So I was prepped and ready. While I didn’t have a name for a single white ancestor in my direct line before I began my journey, I knew that DNA testing would eventually uncover the identities of my unknown white forebearers. And it has, more than I could have ever imagined, much less anticipated.

On the whole, it has been a positive and affirming experience. It’s certainly underscored various family quirks. I will also admit that I was exceedingly spoiled when it came to meeting my first groups of white DNA cousins on the Sheffey and Roane sides of my father’s family, both online and in person. The words ‘warm’ and ‘welcoming’ don’t adequately describe how I was greeted. They will do for the time being. Were those initial exchanges awkward in the beginning? Yes, in all honesty, but only for a hot minute. The author of that initial feeling will always centre around the how’s and why’s of how we’re related: slavery. Yet, we immediately found common ground. And in the intervening years since we first met? We have a genuine fondness for one another. We are family. So I kind of relaxed into a mood that other white DNA cousins would be equally receptive and welcoming. However, America being America, that halcyon experience didn’t last for long.

When it came to white family members I shared deep roots with in Virginia, North Carolina, and the Quaker communities that dotted the US Eastern seaboard, my experience in meeting cousins from a different ethnic group was truly pleasant. However, cousins who came from states to the south of North Carolina, that experience was split between it being 40% positive, and 60% negative. Those numbers haven’t changed much over the past few years. Given the current zeitgeist in America around the subject or race and race identity/politics, the negative responses have verged on the outright hostile.
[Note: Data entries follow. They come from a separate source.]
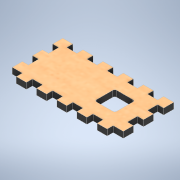
# Autodesk Inventor part: plate_front_small
Saved by Autodesk Inventor 2021 (Build 250183000, 183)
## iProperties
Created: 2021-03-07
Part Number: plate_front_small
Material: Holz (Kirsche)
Document SubType Name: Modeling
Designer: Tilman
Density: 0.63 g/cm^3
Appearance: Glänzend - Schwarz
Author: Tilman
Autodesk Inventor part; units mm, degrees
ref_plane "YZ Plane" through (0, 0, 0) normal (1, 0, 0) x (0, 1, 0)
ref_plane "XZ Plane" through (0, 0, 0) normal (0, 1, 0) x (-1, 0, 0)
ref_plane "XY Plane" through (0, 0, 0) normal (0, 0, 1) x (1, 0, 0)
sketch "Skizze1" plane through (0, 0, 0) normal (0, 1, 0) x (-1, 0, 0)
  line L0 (-5, 0) -> (-5, -3)
  line L1 (-5, -3) -> (0, -3)
  line L2 (-5, 0) -> (-10, 0)
  line L3 (-10, 0) -> (-10, -3)
  line L4 (-10, -3) -> (-15, -3)
  line L5 (-15, 0) -> (-15, -3)
  line L6 (-15, 0) -> (-20, 0)
  line L7 (-20, 0) -> (-20, -3)
  line L8 (-20, -3) -> (-25, -3)
  line L9 (-25, 0) -> (-25, -3)
  line L10 (-25, 0) -> (-30, 0)
  line L11 (-30, 0) -> (-30, -3)
  line L12 (-30, -3) -> (-35, -3)
  line L13 (-35, 0) -> (-35, -3)
  line L14 (-35, 0) -> (-40, 0)
  line L15 (-40, 0) -> (-40, -3)
  line L16 (-40, -3) -> (-45, -3)
  line L17 (-45, 0) -> (-45, -3)
  line L18 (-45, 0) -> (-50, 0)
  line L19 (-50, 0) -> (-50, -3)
  line L20 (-50, -3) -> (-55, -3)
  line L21 (-55, -3) -> (-55, -8)
  line L22 (-55, -8) -> (-52, -8)
  line L23 (-52, -8) -> (-52, -13)
  line L24 (-52, -13) -> (-55, -13)
  line L25 (0, -3) -> (0, -8)
  line L26 (0, -8) -> (-3, -8)
  line L27 (-3, -8) -> (-3, -13)
  line L28 (-3, -13) -> (0, -13)
  line L29 (-52, -18) -> (-52, -23)
  line L30 (-55, -13) -> (-55, -18)
  line L31 (-52, -23) -> (-55, -23)
  line L32 (-55, -18) -> (-52, -18)
  line L33 (-3, -18) -> (-3, -23)
  line L34 (-3, -23) -> (0, -23)
  line L35 (0, -18) -> (-3, -18)
  line L36 (0, -13) -> (0, -18)
  line L37 (0, -23) -> (0, -28)
  line L38 (0, -28) -> (-5, -28)
  line L39 (-5, -28) -> (-5, -25)
  line L40 (-5, -25) -> (-10, -25)
  line L41 (-10, -25) -> (-10, -28)
  line L42 (-55, -23) -> (-55, -28)
  line L43 (-15, -25) -> (-20, -25)
  line L44 (-20, -25) -> (-20, -28)
  line L45 (-10, -28) -> (-15, -28)
  line L46 (-15, -28) -> (-15, -25)
  line L47 (-25, -25) -> (-30, -25)
  line L48 (-30, -25) -> (-30, -28)
  line L49 (-20, -28) -> (-25, -28)
  line L50 (-25, -28) -> (-25, -25)
  line L51 (-35, -25) -> (-40, -25)
  line L52 (-40, -25) -> (-40, -28)
  line L53 (-30, -28) -> (-35, -28)
  line L54 (-35, -28) -> (-35, -25)
  line L55 (-45, -25) -> (-50, -25)
  line L56 (-50, -25) -> (-50, -28)
  line L57 (-40, -28) -> (-45, -28)
  line L58 (-45, -28) -> (-45, -25)
  line L59 (-50, -28) -> (-55, -28)
  line L60 (-35.75, -19) -> (-43.75, -19)
  line L61 (-44.75, -18) -> (-44.75, -10)
  line L62 (-43.75, -9) -> (-35.75, -9)
  line L63 (-34.75, -10) -> (-34.75, -18)
  arc A0 (-35.75, -19) -> (-34.75, -18) centre (-35.75, -18) ccw
  arc A1 (-44.75, -18) -> (-43.75, -19) centre (-43.75, -18) ccw
  arc A2 (-43.75, -9) -> (-44.75, -10) centre (-43.75, -10) ccw
  arc A3 (-34.75, -10) -> (-35.75, -9) centre (-35.75, -10) ccw
  line L64 (-27.5, -28) -> (-27.5, 0) construction
  line L65 (-27.5, -14) -> (-52, -14) construction
  point P0 (0, 0)
  point P1 (-34.75, -14)
  point P2 (-39.75, -14)
  point P3 (-39.75, -19)
  dimension "d2" = 5
  dimension "d3" = 3
  dimension "d6" = 10
  dimension "d22" = 10
  dimension "d29" = 10
  dimension "d34" = 1
  dimension "d36" = 10
  dimension "d37" = 10
  constraints: 132 end point, 14 equal length, 13 perpendicular, 9 point on line, 9 vertical, 8 point on circle, 8 tangent, 7 horizontal, 5 midpoint, 4 centre point, 3 collinear, 3 equal radius, 3 horizontal alignment, 3 vertical alignment, 87 other
  measures "d2" distance of L0.start L2.end
  measures "d3" distance of L0.start L0.end
  measures "d6" distance of L0.start L5.start
  measures "d22" distance of L22.end L29.start
  measures "d29" distance of L40.end L43.end
  measures "d34" radius of A0
  measures "d36" distance between parallel lines of L61 L63
  measures "d37" distance between parallel lines of L62 L60
extrude "Extrusion1" add sketch "Skizze1" along normal blind 3

I’ll always remember my first negative reaction from a white DNA cousin in South Carolina. She was adamant that she wasn’t related to black people. She even went as far as to suggest that AncestryDNA had swapped my DNA test with someone else. I was far from being the first person this individual said this to. While she wasn’t directly hostile, it was clear she just wasn’t having it. I found this curious at the time. If you know you come from a long line of American chattel slavery enslavers, you ought to be prepared – especially if you do DNA testing – to discover relations who are people of color. Truly, that shouldn’t come as a scud missile to your reality. Nor should a person act like that this is the worst news they have ever heard in the entirety of their lives. As someone who has experienced four miscarriages with a partner, two of them being late term, discovering you have relations who are people of color doesn’t even register on the pain stakes. An awkward experience? Perhaps. I’ll give you that. The worst experience ever? No. Far from it.

I can’t speak from the other side of the coin. For my own part, I have always been open and receptive to white DNA cousins who introduce themselves. That’s just me. I can’t speak about negative reactions from people of color towards newly found white DNA cousins. I don’t doubt that this happens. It’s merely a situation I haven’t come across within my own family.

Let’s fast forward to the past four weeks. I have had two starkly different reactions from white Holloway DNA cousins. The first ran along the lines of my Sheffey, Price, and Roane cousins. She wasn’t fazed in the least. So much so that she felt comfortable enough to send a Facebook invite, which I accepted. I’m certainly looking forward to chatting more in depth about our mutual Holloways. That’s the way it ought to go.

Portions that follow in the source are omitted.